Sometimes we come out of experiences of childhood abuse or neglect determined to “earn” the approval and affection of everyone around us— no matter what it costs us.
Other times we come out of experiences of childhood abuse or neglect convinced that we CAN’T “earn” the approval or affection of anyone— no matter what we do.
Many survivors of childhood abuse and neglect vacillate between these extremes— feeling that they HAVE to “earn” love on the one hand…but feeling that nothing they ever do, or can do, could POSSIBLY be good enough to “earn” anybody’s love.
It’s not our fault when this is our working model of the world and relationships.
You didn’t choose your childhood experiences. You didn’t choose your caretakers.
Our conditioning is our conditioning. Even the choices we DO make now, as adults, are filtered through the beliefs and attitudes that were programmed into us way back when.
Of all the BS— Belief Systems— we tend to carry out of childhood experiences of abuse and neglect, one of the hardest to shake is “I need to earn love.”
The belief that we have to “perform” to get our basic needs met— to even DESERVE to get our basic needs met— can poison everything from relationships to our job performance.
While many practical things in life may be tied to our ability to placate or entertain other people, our basic worth as human beings is NOT.
We DESERVE compassion and respect, whether or not we happen to be entertaining, attractive, or otherwise valuable to somebody else in any given moment.
We DESERVE to take up space, to breathe oxygen, to be seen and heard, whether or not we happen to fulfill somebody’s needs or expectations at a particular moment.
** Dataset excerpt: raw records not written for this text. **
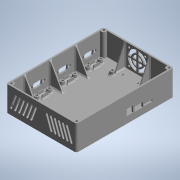
# Autodesk Inventor part: skr_case
Saved by Autodesk Inventor 2022 (Build 260153000, 153)
## iProperties
Part Number: skr_case
Material: Allgemein
Document SubType Name: Modellieren
Designer: Niclas
Appearance: Vorgabe
Author: Niclas
Autodesk Inventor part; units mm, degrees
ref_plane "YZ-Ebene" through (0, 0, 0) normal (1, 0, 0) x (0, 1, 0)
ref_plane "XZ-Ebene" through (0, 0, 0) normal (0, 1, 0) x (-1, 0, 0)
ref_plane "XY-Ebene" through (0, 0, 0) normal (0, 0, 1) x (1, 0, 0)
sketch "Skizze1" plane through (0, 0, 0) normal (0, 1, 0) x (-1, 0, 0)
  line L0 (0, 0) -> (-140, 0)
  line L1 (-140, 0) -> (-140, -194)
  line L2 (-140, -194) -> (0, -194)
  line L3 (0, -194) -> (0, 0)
  dimension "d0" = 194
  dimension "d1" = 140
  constraints: 8 end point, 2 parallel, 1 coincident, 1 horizontal, 1 perpendicular
  measures "d0" distance of L2.end L0.start
  measures "d1" distance of L0.start L0.end
extrude "Extrusion1" add sketch "Skizze1" along normal blind 5
sketch "Skizze2" plane through (0, 5, 0) normal (0, 1, 0) x (1, 0, 0)
  circle A0 centre (45, 28) radius 4
  circle A1 centre (45, 166) radius 4
  circle A2 centre (132, 28) radius 4
  circle A3 centre (132, 166) radius 4
  line L0 (140, 0) -> (140, 194) projected
  line L1 (140, 194) -> (0, 194) projected
  circle A4 centre (45, 28) radius 2.25
  circle A5 centre (132, 28) radius 2.25
  circle A6 centre (132, 166) radius 2.25
  circle A7 centre (45, 166) radius 2.25
  point P0 (0, 0)
  dimension "d4" = 138
  dimension "d5" = 138
  dimension "d6" = 87
  dimension "d7" = 87
  dimension "d8" = 8
  dimension "d9" = 8
  dimension "d10" = 8
  dimension "d11" = 8
  dimension "d12" = 8
  dimension "d13" = 8
  dimension "d14" = 28
  dimension "d15" = 28
  dimension "d16" = 4.5
  dimension "d17" = 4.5
  dimension "d18" = 4.5
  dimension "d19" = 4.5
  constraints: 8 centre point, 4 coincident
  measures "d4" distance of A3.centre A2.centre
  measures "d5" distance of A1.centre A0.centre
  measures "d6" distance of A2.centre A0.centre
  measures "d7" distance of A3.centre A1.centre
  measures "d8" distance from line of L0 A2.centre
  measures "d9" distance from line of L0 A3.centre
  measures "d10" diameter of A2
  measures "d11" diameter of A3
  measures "d12" diameter of A1
  measures "d13" diameter of A0
  measures "d14" distance from line of L1 A3.centre
  measures "d15" distance from line of L1 A1.centre
  measures "d16" diameter of A4
  measures "d17" diameter of A5
  measures "d18" diameter of A6
  measures "d19" diameter of A7
extrude "Extrusion2" add sketch "Skizze2" along normal blind 7
chamfer "Fase1" distance 2 angle 45 4 edges at (128, 5, -28) (41, 5, -28) (41, 5, -166) (128, 5, -166)
sketch "Skizze3" plane through (0, 5, 0) normal (0, 1, 0) x (1, 0, 0)
  line L0 (3, 3) -> (137, 3)
  line L1 (137, 3) -> (137, 191)
  line L2 (137, 191) -> (3, 191)
  line L3 (3, 191) -> (3, 3)
  line L4 (0, 194) -> (0, 0) projected
  line L5 (0, 0) -> (140, 0) projected
  line L6 (140, 0) -> (140, 194) projected
  line L7 (140, 194) -> (0, 194) projected
  line L8 (0, 0) -> (140, 0)
  line L9 (140, 0) -> (140, 194)
  line L10 (140, 194) -> (0, 194)
  line L11 (0, 194) -> (0, 0)
  dimension "d25" = 3
  dimension "d26" = 3
  dimension "d27" = 3
  dimension "d28" = 3
  constraints: 16 end point, 4 parallel, 2 horizontal, 2 perpendicular
  measures "d25" distance between parallel lines of L3 L4
  measures "d26" distance between parallel lines of L5 L0
  measures "d27" distance between parallel lines of L6 L1
  measures "d28" distance between parallel lines of L7 L2
extrude "Extrusion3" add sketch "Skizze3" along normal blind 45
sketch "Skizze4" plane through (140, 0, 0) normal (1, 0, 0) x (0, 0, -1)
  line L0 (99.85, 25.4) -> (112.85, 25.4)
  line L1 (112.85, 25.4) -> (112.85, 13.4)
  line L2 (112.85, 13.4) -> (99.85, 13.4)
  line L3 (99.85, 13.4) -> (99.85, 25.4)
  line L4 (0, 0) -> (194, 0) projected
  line L5 (194, 0) -> (194, 50) projected
  line L6 (115.9, 21.6) -> (132.4, 21.6)
  line L7 (132.4, 21.6) -> (132.4, 12.6)
  line L8 (132.4, 12.6) -> (115.9, 12.6)
  line L9 (115.9, 12.6) -> (115.9, 21.6)
  line L10 (134.15, 16.8) -> (151.15, 16.8)
  line L11 (151.15, 16.8) -> (151.15, 13.3)
  line L12 (151.15, 13.3) -> (134.15, 13.3)
  line L13 (134.15, 13.3) -> (134.15, 16.8)
  dimension "d31" = 12
  dimension "d32" = 13
  dimension "d33" = 13.4
  dimension "d34" = 81.15
  dimension "d37" = 9
  dimension "d38" = 16.5
  dimension "d39" = 61.6
  dimension "d40" = 12.6
  dimension "d41" = 17
  dimension "d42" = 3.5
  dimension "d43" = 42.85
  dimension "d44" = 13.3
  constraints: 24 end point, 6 parallel, 3 horizontal, 3 perpendicular
  measures "d31" distance of L0.end L1.end
  measures "d32" distance of L1.end L2.end
  measures "d33" distance between parallel lines of L4 L2
  measures "d34" distance between parallel lines of L5 L1
  measures "d37" distance of L6.end L7.end
  measures "d38" distance of L7.end L8.end
  measures "d39" distance between parallel lines of L5 L7
  measures "d40" distance between parallel lines of L4 L8
  measures "d41" distance of L10.start L10.end
  measures "d42" distance of L10.end L11.end
  measures "d43" distance between parallel lines of L5 L11
  measures "d44" distance between parallel lines of L4 L12
extrude "Extrusion4" cut sketch "Skizze4" against normal blind 40
sketch "Skizze5" plane through (0, 0, -194) normal (-1, 0, 0) x (0, 0, 1)
  line L0 (128.4836, 25) -> (140.5164, 25)
  line L1 (143.4832, 21.555) -> (142.8832, 17.555)
  line L2 (139.9164, 15) -> (129.0836, 15)
  line L3 (126.1168, 17.555) -> (125.5168, 21.555)
  arc A0 (128.4836, 25) -> (125.5168, 21.555) centre (128.4836, 22) ccw
  arc A1 (126.1168, 17.555) -> (129.0836, 15) centre (129.0836, 18) ccw
  arc A2 (139.9164, 15) -> (142.8832, 17.555) centre (139.9164, 18) ccw
  arc A3 (143.4832, 21.555) -> (140.5164, 25) centre (140.5164, 22) ccw
  circle A4 centre (122, 20) radius 2.75
  circle A5 centre (147, 20) radius 2.75
  line L4 (77.4836, 25) -> (89.5164, 25)
  line L5 (92.4832, 21.555) -> (91.8832, 17.555)
  line L6 (88.9164, 15) -> (78.0836, 15)
  line L7 (75.1168, 17.555) -> (74.5168, 21.555)
  arc A6 (77.4836, 25) -> (74.5168, 21.555) centre (77.4836, 22) ccw
  arc A7 (75.1168, 17.555) -> (78.0836, 15) centre (78.0836, 18) ccw
  arc A8 (88.9164, 15) -> (91.8832, 17.555) centre (88.9164, 18) ccw
  arc A9 (92.4832, 21.555) -> (89.5164, 25) centre (89.5164, 22) ccw
  circle A10 centre (71, 20) radius 2.75
  circle A11 centre (96, 20) radius 2.75
  line L8 (26.4836, 25) -> (38.5164, 25)
  line L9 (41.4832, 21.555) -> (40.8832, 17.555)
  line L10 (37.9164, 15) -> (27.0836, 15)
  line L11 (24.1168, 17.555) -> (23.5168, 21.555)
  arc A12 (26.4836, 25) -> (23.5168, 21.555) centre (26.4836, 22) ccw
  arc A13 (24.1168, 17.555) -> (27.0836, 15) centre (27.0836, 18) ccw
  arc A14 (37.9164, 15) -> (40.8832, 17.555) centre (37.9164, 18) ccw
  arc A15 (41.4832, 21.555) -> (38.5164, 25) centre (38.5164, 22) ccw
  circle A16 centre (20, 20) radius 2.75
  circle A17 centre (45, 20) radius 2.75
  line L12 (0, 50) -> (194, 50) projected
  line L13 (0, 0) -> (0, 50) projected
  circle A18 centre (172.5, 20) radius 4
  line L14 (0, 0) -> (194, 0) projected
  point P0 (125, 25)
  point P1 (144, 25)
  point P2 (142.5, 15)
  point P3 (126.5, 15)
  point P4 (74, 25)
  point P5 (93, 25)
  point P6 (91.5, 15)
  point P7 (75.5, 15)
  point P8 (23, 25)
  point P9 (42, 25)
  point P10 (40.5, 15)
  point P11 (24.5, 15)
  dimension "d45" = 19
  dimension "d46" = 16
  dimension "d47" = 10
  dimension "d48" = 1.5
  dimension "d49" = 3
  dimension "d50" = 25
  dimension "d51" = 5.5
  dimension "d52" = 5.5
  dimension "d53" = 5
  dimension "d54" = 5
  dimension "d55" = 4.5
  dimension "d56" = 19
  dimension "d57" = 16
  dimension "d58" = 10
  dimension "d59" = 1.5
  dimension "d60" = 3
  dimension "d61" = 25
  dimension "d62" = 5.5
  dimension "d63" = 5.5
  dimension "d64" = 5
  dimension "d65" = 5
  dimension "d66" = 4.5
  dimension "d67" = 19
  dimension "d68" = 16
  dimension "d69" = 10
  dimension "d70" = 1.5
  dimension "d71" = 3
  dimension "d72" = 25
  dimension "d73" = 5.5
  dimension "d74" = 5.5
  dimension "d75" = 5
  dimension "d76" = 5
  dimension "d77" = 4.5
  dimension "d142" = 20
  dimension "d143" = 26
  dimension "d144" = 26
  dimension "d145" = 8
  dimension "d146" = 25.5
  dimension "d147" = 0
  dimension "d267" = 20
  dimension "d268" = 20
  dimension "d269" = 20
  constraints: 24 end point, 24 point on circle, 24 point on line, 24 tangent, 19 centre point, 9 equal radius, 3 horizontal, 3 parallel
  measures "d45" distance of point (125, 25) point (144, 25)
  measures "d46" distance of point (142.5, 15) point (126.5, 15)
  measures "d47" vertical distance of point (126.5, 15) point (125, 25)
  measures "d48" horizontal distance of point (125, 25) point (126.5, 15)
  measures "d49" radius of A0
  measures "d50" distance of A5.centre A4.centre
  measures "d51" diameter of A5
  measures "d52" diameter of A4
  measures "d53" vertical distance of point (142.5, 15) A5.centre
  measures "d54" vertical distance of point (126.5, 15) A4.centre
  measures "d55" horizontal distance of point (142.5, 15) A5.centre
  measures "d56" distance of point (74, 25) point (93, 25)
  measures "d57" distance of point (91.5, 15) point (75.5, 15)
  measures "d58" vertical distance of point (75.5, 15) point (74, 25)
  measures "d59" horizontal distance of point (74, 25) point (75.5, 15)
  measures "d60" radius of A6
  measures "d61" distance of A11.centre A10.centre
  measures "d62" diameter of A11
  measures "d63" diameter of A10
  measures "d64" vertical distance of point (91.5, 15) A11.centre
  measures "d65" vertical distance of point (75.5, 15) A10.centre
  measures "d66" horizontal distance of point (91.5, 15) A11.centre
  measures "d67" distance of point (23, 25) point (42, 25)
  measures "d68" distance of point (40.5, 15) point (24.5, 15)
  measures "d69" vertical distance of point (24.5, 15) point (23, 25)
  measures "d70" horizontal distance of point (23, 25) point (24.5, 15)
  measures "d71" radius of A12
  measures "d72" distance of A17.centre A16.centre
  measures "d73" diameter of A17
  measures "d74" diameter of A16
  measures "d75" vertical distance of point (40.5, 15) A17.centre
  measures "d76" vertical distance of point (24.5, 15) A16.centre
  measures "d77" horizontal distance of point (40.5, 15) A17.centre
  measures "d142" distance from line of L13 A16.centre
  measures "d143" distance of A17.centre A10.centre
  measures "d144" distance of A11.centre A4.centre
  measures "d145" diameter of A18
  measures "d146" distance of A5.centre A18.centre
  measures "d147" vertical distance of A5.centre A18.centre
  measures "d267" distance from line of L14 A16.centre
  measures "d268" distance from line of L14 A10.centre
  measures "d269" distance from line of L14 A4.centre
extrude "Extrusion5" cut sketch "Skizze5" against normal blind 40
sketch "Skizze6" plane through (0, 5, 0) normal (0, 1, 0) x (1, 0, 0)
  circle A0 centre (13.5, 149) radius 4
  circle A1 centre (13.5, 174) radius 4
  circle A2 centre (13.5, 149) radius 2.25
  circle A3 centre (13.5, 174) radius 2.25
  line L0 (140, 194) -> (0, 194) projected
  line L1 (0, 194) -> (0, 0) projected
  line L2 (8.5, 155.5) -> (9.5, 155.5)
  line L3 (9.5, 155.5) -> (9.5, 167.5)
  line L4 (9.5, 167.5) -> (8.5, 167.5)
  line L5 (8.5, 167.5) -> (8.5, 155.5)
  line L6 (17.5, 155.5) -> (18.5, 155.5)
  line L7 (18.5, 155.5) -> (18.5, 167.5)
  line L8 (18.5, 167.5) -> (17.5, 167.5)
  line L9 (17.5, 167.5) -> (17.5, 155.5)
  circle A4 centre (13.5, 98) radius 4
  circle A5 centre (13.5, 123) radius 4
  circle A6 centre (13.5, 98) radius 2.25
  circle A7 centre (13.5, 123) radius 2
  line L10 (8.5, 104.5) -> (9.5, 104.5)
  line L11 (9.5, 104.5) -> (9.5, 116.5)
  line L12 (9.5, 116.5) -> (8.5, 116.5)
  line L13 (8.5, 116.5) -> (8.5, 104.5)
  line L14 (17.5, 104.5) -> (18.5, 104.5)
  line L15 (18.5, 104.5) -> (18.5, 116.5)
  line L16 (18.5, 116.5) -> (17.5, 116.5)
  line L17 (17.5, 116.5) -> (17.5, 104.5)
  line L18 (17.5, 53.5) -> (18.5, 53.5)
  line L19 (18.5, 53.5) -> (18.5, 65.5)
  line L20 (17.5, 65.5) -> (17.5, 53.5)
  line L21 (8.5, 53.5) -> (9.5, 53.5)
  line L22 (9.5, 53.5) -> (9.5, 65.5)
  line L23 (8.5, 65.5) -> (8.5, 53.5)
  circle A8 centre (13.5, 47) radius 2.25
  circle A9 centre (13.5, 47) radius 4
  circle A10 centre (13.5, 72) radius 4
  circle A11 centre (13.5, 72) radius 2.25
  line L24 (9.5, 65.5) -> (8.5, 65.5)
  line L25 (18.5, 65.5) -> (17.5, 65.5)
  line L26 (3, 3) -> (3, 191) projected
  dimension "d86" = 8
  dimension "d87" = 8
  dimension "d88" = 25
  dimension "d89" = 4.5
  dimension "d90" = 4.5
  dimension "d91" = 20
  dimension "d94" = 1
  dimension "d95" = 12
  dimension "d96" = 12
  dimension "d97" = 1
  dimension "d98" = 4
  dimension "d99" = 4
  dimension "d100" = 6.5
  dimension "d101" = 8
  dimension "d102" = 8
  dimension "d103" = 25
  dimension "d104" = 4.5
  dimension "d105" = 4
  dimension "d106" = 1
  dimension "d107" = 12
  dimension "d108" = 12
  dimension "d109" = 1
  dimension "d110" = 4
  dimension "d111" = 4
  dimension "d112" = 6.5
  dimension "d113" = 26
  dimension "d116" = 8
  dimension "d117" = 8
  dimension "d118" = 25
  dimension "d119" = 4.5
  dimension "d120" = 4.5
  dimension "d121" = 1
  dimension "d122" = 12
  dimension "d123" = 12
  dimension "d124" = 1
  dimension "d125" = 4
  dimension "d126" = 4
  dimension "d127" = 6.5
  dimension "d128" = 26
  dimension "d131" = 10.5
  dimension "d132" = 10.5
  dimension "d133" = 10.5
  dimension "d134" = 10.5
  dimension "d135" = 10.5
  dimension "d136" = 10.5
  constraints: 48 end point, 12 centre point, 12 parallel, 6 coincident, 6 horizontal, 6 perpendicular, 3 point on line
  measures "d86" diameter of A1
  measures "d87" diameter of A0
  measures "d88" distance of A1.centre A0.centre
  measures "d89" diameter of A2
  measures "d90" diameter of A3
  measures "d91" distance from line of L0 A1.centre
  measures "d94" distance of L2.start L2.end
  measures "d95" distance of L4.end L2.start
  measures "d96" distance of L8.end L6.start
  measures "d97" distance of L6.start L6.end
  measures "d98" distance from line of L9 A0.centre
  measures "d99" distance from line of L3 A0.centre
  measures "d100" vertical distance of A0.centre L2.end
  measures "d101" diameter of A5
  measures "d102" diameter of A4
  measures "d103" distance of A5.centre A4.centre
  measures "d104" diameter of A6
  measures "d105" diameter of A7
  measures "d106" distance of L10.start L10.end
  measures "d107" distance of L13.start L10.start
  measures "d108" distance of L17.start L14.start
  measures "d109" distance of L14.start L14.end
  measures "d110" distance from line of L17 A4.centre
  measures "d111" distance from line of L11 A4.centre
  measures "d112" vertical distance of A4.centre L10.end
  measures "d113" distance of A7.centre A0.centre
  measures "d116" diameter of A10
  measures "d117" diameter of A9
  measures "d118" distance of A10.centre A9.centre
  measures "d119" diameter of A8
  measures "d120" diameter of A11
  measures "d121" distance of L21.start L22.start
  measures "d122" distance of L24.end L21.start
  measures "d123" distance of L25.end L18.start
  measures "d124" distance of L18.start L19.start
  measures "d125" distance from line of L20 A9.centre
  measures "d126" distance from line of L22 A9.centre
  measures "d127" vertical distance of A9.centre L22.start
  measures "d128" distance of A4.centre A11.centre
  measures "d131" distance from line of L26 A9.centre
  measures "d132" distance from line of L26 A11.centre
  measures "d133" distance from line of L26 A6.centre
  measures "d134" distance from line of L26 A5.centre
  measures "d135" distance from line of L26 A0.centre
  measures "d136" distance from line of L26 A1.centre
extrude "Extrusion6" add sketch "Skizze6" along normal blind 7.5
chamfer "Fase2" distance 2 angle 45 30 edges at (9.5, 5, -47) (9.5, 5, -72) (9.5, 5, -98) (9.5, 5, -123) (9.5, 5, -149) (9.5, 5, -174) (18.5, 5, -161.5) (18.5, 5, -110.5) (18.5, 5, -59.5) (9.5, 5, -110.5) (9.5, 5, -161.5) (9.5, 5, -59.5) (18, 5, -104.5) (18, 5, -53.5) (18, 5, -155.5) (9, 5, -53.5) (9, 5, -104.5) (9, 5, -155.5) (18, 5, -65.5) (18, 5, -116.5) (18, 5, -167.5) (9, 5, -167.5) (9, 5, -116.5) (9, 5, -65.5) (8.5, 5, -161.5) (8.5, 5, -110.5) (8.5, 5, -59.5) (17.5, 5, -59.5) (17.5, 5, -110.5) (17.5, 5, -161.5)
sketch "Skizze7" plane through (3, 5, -3) normal (1, 0, 0) x (0, 0, -1)
  line L0 (132, 0) -> (134, 0)
  line L1 (134, 0) -> (134, 45)
  line L2 (134, 45) -> (132, 45)
  line L3 (132, 45) -> (132, 0)
  circle A0 centre (120, 15) radius 2.75 projected
  line L4 (81, 0) -> (83, 0)
  line L5 (83, 0) -> (83, 45)
  line L6 (83, 45) -> (81, 45)
  line L7 (81, 45) -> (81, 0)
  circle A1 centre (69, 15) radius 2.75 projected
  line L8 (32, 0) -> (30, 0)
  line L9 (30, 0) -> (30, 45)
  line L10 (30, 45) -> (32, 45)
  line L11 (32, 45) -> (32, 0)
  circle A2 centre (18.5, 15) radius 4 projected
  circle A3 centre (171, 15) radius 2.75 projected
  circle A4 centre (146, 15) radius 2.75 projected
  circle A5 centre (95, 15) radius 2.75 projected
  circle A6 centre (44, 15) radius 2.75 projected
  line L12 (0, 45) -> (188, 45) projected
  line L13 (188, 0) -> (0, 0) projected
  point P0 (-3, -5)
  dimension "d149" = 2
  dimension "d151" = 2
  dimension "d153" = 2
  dimension "d368" = 12
  dimension "d369" = 12
  dimension "d376" = 12
  constraints: 24 end point, 6 parallel, 6 point on line, 3 horizontal, 3 perpendicular
  measures "d149" distance between parallel lines of L1 L3
  measures "d151" distance of L6.end L5.end
  measures "d153" distance of L9.end L10.end
  measures "d368" distance from line of L1 A4.centre
  measures "d369" distance from line of L5 A5.centre
  measures "d376" distance from line of L11 A6.centre
extrude "Extrusion7" add sketch "Skizze7" along normal blind 25 contours L3 L2 L1 L0 | L4 L7 L6 L5 | L8 L9 L10 L11
sketch "Skizze9" plane through (140, 0, -194) normal (0, 0, -1) x (-1, 0, 0)
  circle A0 centre (70, 27.5) radius 19
  line L0 (140, 0) -> (140, 50) projected
  line L1 (0, 50) -> (140, 50) projected
  circle A1 centre (70, 27.5) radius 12.5
  circle A2 centre (70, 27.5) radius 10
  line L2 (90, 29) -> (50, 29)
  line L3 (50, 29) -> (50, 26)
  line L4 (50, 26) -> (90, 26)
  line L5 (90, 26) -> (90, 29)
  line L6 (68.5, 47.5) -> (71.5, 47.5)
  line L7 (71.5, 47.5) -> (71.5, 7.5)
  line L8 (71.5, 7.5) -> (68.5, 7.5)
  line L9 (68.5, 7.5) -> (68.5, 47.5)
  circle A3 centre (86, 43.5) radius 2
  circle A4 centre (86, 11.5) radius 2
  circle A5 centre (54, 11.5) radius 2
  circle A6 centre (54, 43.5) radius 2
  point P0 (68.5, 29)
  point P1 (68.5, 37.3869)
  point P2 (60.1131, 29)
  point P3 (68.5, 17.6131)
  point P4 (68.5, 26)
  point P5 (60.1131, 26)
  point P6 (71.5, 26)
  point P7 (71.5, 17.6131)
  point P8 (79.8869, 26)
  point P9 (71.5, 37.3869)
  point P10 (71.5, 29)
  point P11 (79.8869, 29)
  point P12 (71.5, 46.4407)
  point P13 (71.5, 39.9097)
  point P14 (82.4097, 29)
  point P15 (88.9407, 29)
  point P16 (71.5, 15.0903)
  point P17 (71.5, 8.5593)
  point P18 (88.9407, 26)
  point P19 (82.4097, 26)
  point P20 (68.5, 8.5593)
  point P21 (68.5, 15.0903)
  point P22 (57.5903, 26)
  point P23 (51.0593, 26)
  point P24 (68.5, 39.9097)
  point P25 (68.5, 46.4407)
  point P26 (51.0593, 29)
  point P27 (57.5903, 29)
  dimension "d163" = 38
  dimension "d164" = 70
  dimension "d165" = 22.5
  dimension "d166" = 25
  dimension "d167" = 20
  dimension "d168" = 3
  dimension "d169" = 1.5
  dimension "d170" = 20
  dimension "d171" = 20
  dimension "d172" = 3
  dimension "d173" = 20
  dimension "d174" = 20
  dimension "d175" = 1.5
  dimension "d178" = 4
  dimension "d179" = 4
  dimension "d180" = 4
  dimension "d181" = 4
  dimension "d182" = 32
  dimension "d183" = 32
  dimension "d184" = 32
  dimension "d185" = 32
  dimension "d186" = 16
  dimension "d187" = 16
  dimension "d188" = 16
  dimension "d189" = 16
  constraints: 16 end point, 7 centre point, 4 parallel, 2 coincident, 2 horizontal, 2 perpendicular
  measures "d163" diameter of A0
  measures "d164" distance from line of L0 A0.centre
  measures "d165" distance from line of A0.centre L1
  measures "d166" diameter of A1
  measures "d167" diameter of A2
  measures "d168" distance between parallel lines of L4 L2
  measures "d169" distance from line of A0.centre L2
  measures "d170" distance from line of A0.centre L5
  measures "d171" distance from line of A0.centre L3
  measures "d172" distance between parallel lines of L7 L9
  measures "d173" distance from line of A0.centre L6
  measures "d174" distance from line of A0.centre L8
  measures "d175" distance from line of A0.centre L7
  measures "d178" diameter of A3
  measures "d179" diameter of A5
  measures "d180" diameter of A6
  measures "d181" diameter of A4
  measures "d182" distance of A3.centre A6.centre
  measures "d183" distance of A5.centre A4.centre
  measures "d184" distance of A4.centre A3.centre
  measures "d185" distance of A5.centre A6.centre
  measures "d186" horizontal distance of A5.centre A0.centre
  measures "d187" horizontal distance of A0.centre A3.centre
  measures "d188" horizontal distance of A0.centre A4.centre
  measures "d189" horizontal distance of A0.centre A6.centre
extrude "Extrusion9" cut sketch "Skizze9" against normal blind 5 contours L2 A1 L7 A0 | A0 L7 A1 L4 | L9 A1 L2 A0 | L2 L7 A2 | A0 L4 A1 L9 | A2 L7 L4 | L9 L2 A2 | A2 L4 L9 | A3 | A4 | A5 | A6
sketch "Skizze10" plane through (3, 5, -191) normal (0, 0, 1) x (1, 0, 0)
  line L0 (90.5, 0) -> (92.5, 0)
  line L1 (92.5, 0) -> (92.5, 45)
  line L2 (92.5, 45) -> (90.5, 45)
  line L3 (90.5, 45) -> (90.5, 0)
  line L4 (134, 0) -> (0, 0) projected
  line L5 (0, 45) -> (134, 45) projected
  line L6 (43.5, 0) -> (41.5, 0)
  line L7 (41.5, 0) -> (41.5, 45)
  line L8 (41.5, 45) -> (43.5, 45)
  line L9 (43.5, 45) -> (43.5, 0)
  line L10 (65.5, 32.3869) -> (65.5, 24) projected
  line L11 (68.5, 12.6131) -> (68.5, 21) projected
  point P0 (-3, -5)
  point P1 (41.5, 0)
  dimension "d190" = 2
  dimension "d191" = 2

A big part of recovery is teaching ourselves that our worth is not tied to anyone else’s approval.
I say we have to “teach ourselves” this, because if we grew up abused or neglected, we damn sure weren’t taught that by our caretakers.
It’s not the case that anybody reading this will EVER have all of their needs instantaneously or perfectly met— and, in my experience, that is virtually no trauma survivor’s expectation or even their desire.
But it IS the case that we DON’T have to “earn” the right to take up space.
We DON’T have to “earn” the right to consume resources necessary for our survival.
And we DON’T have to live our lives apologizing for not being what the world— including our caregivers growing up— wants, needs, or finds interesting or attractive all the time.
You have worth even on days when you can’t do anything for anybody.
You have value even on days when you’re nobody’s idea of sexy.
You have the right to be treated with compassion and respect even if the people who SHOULD have treated you with compassion and respect once upon a time, didn’t.
You need to know that wasn’t about you. That was about them.
You are every bit deserving of recovery— every bit deserving of living a life you like and choose- as anyone who has ever existed on the planet.
Yeah, you.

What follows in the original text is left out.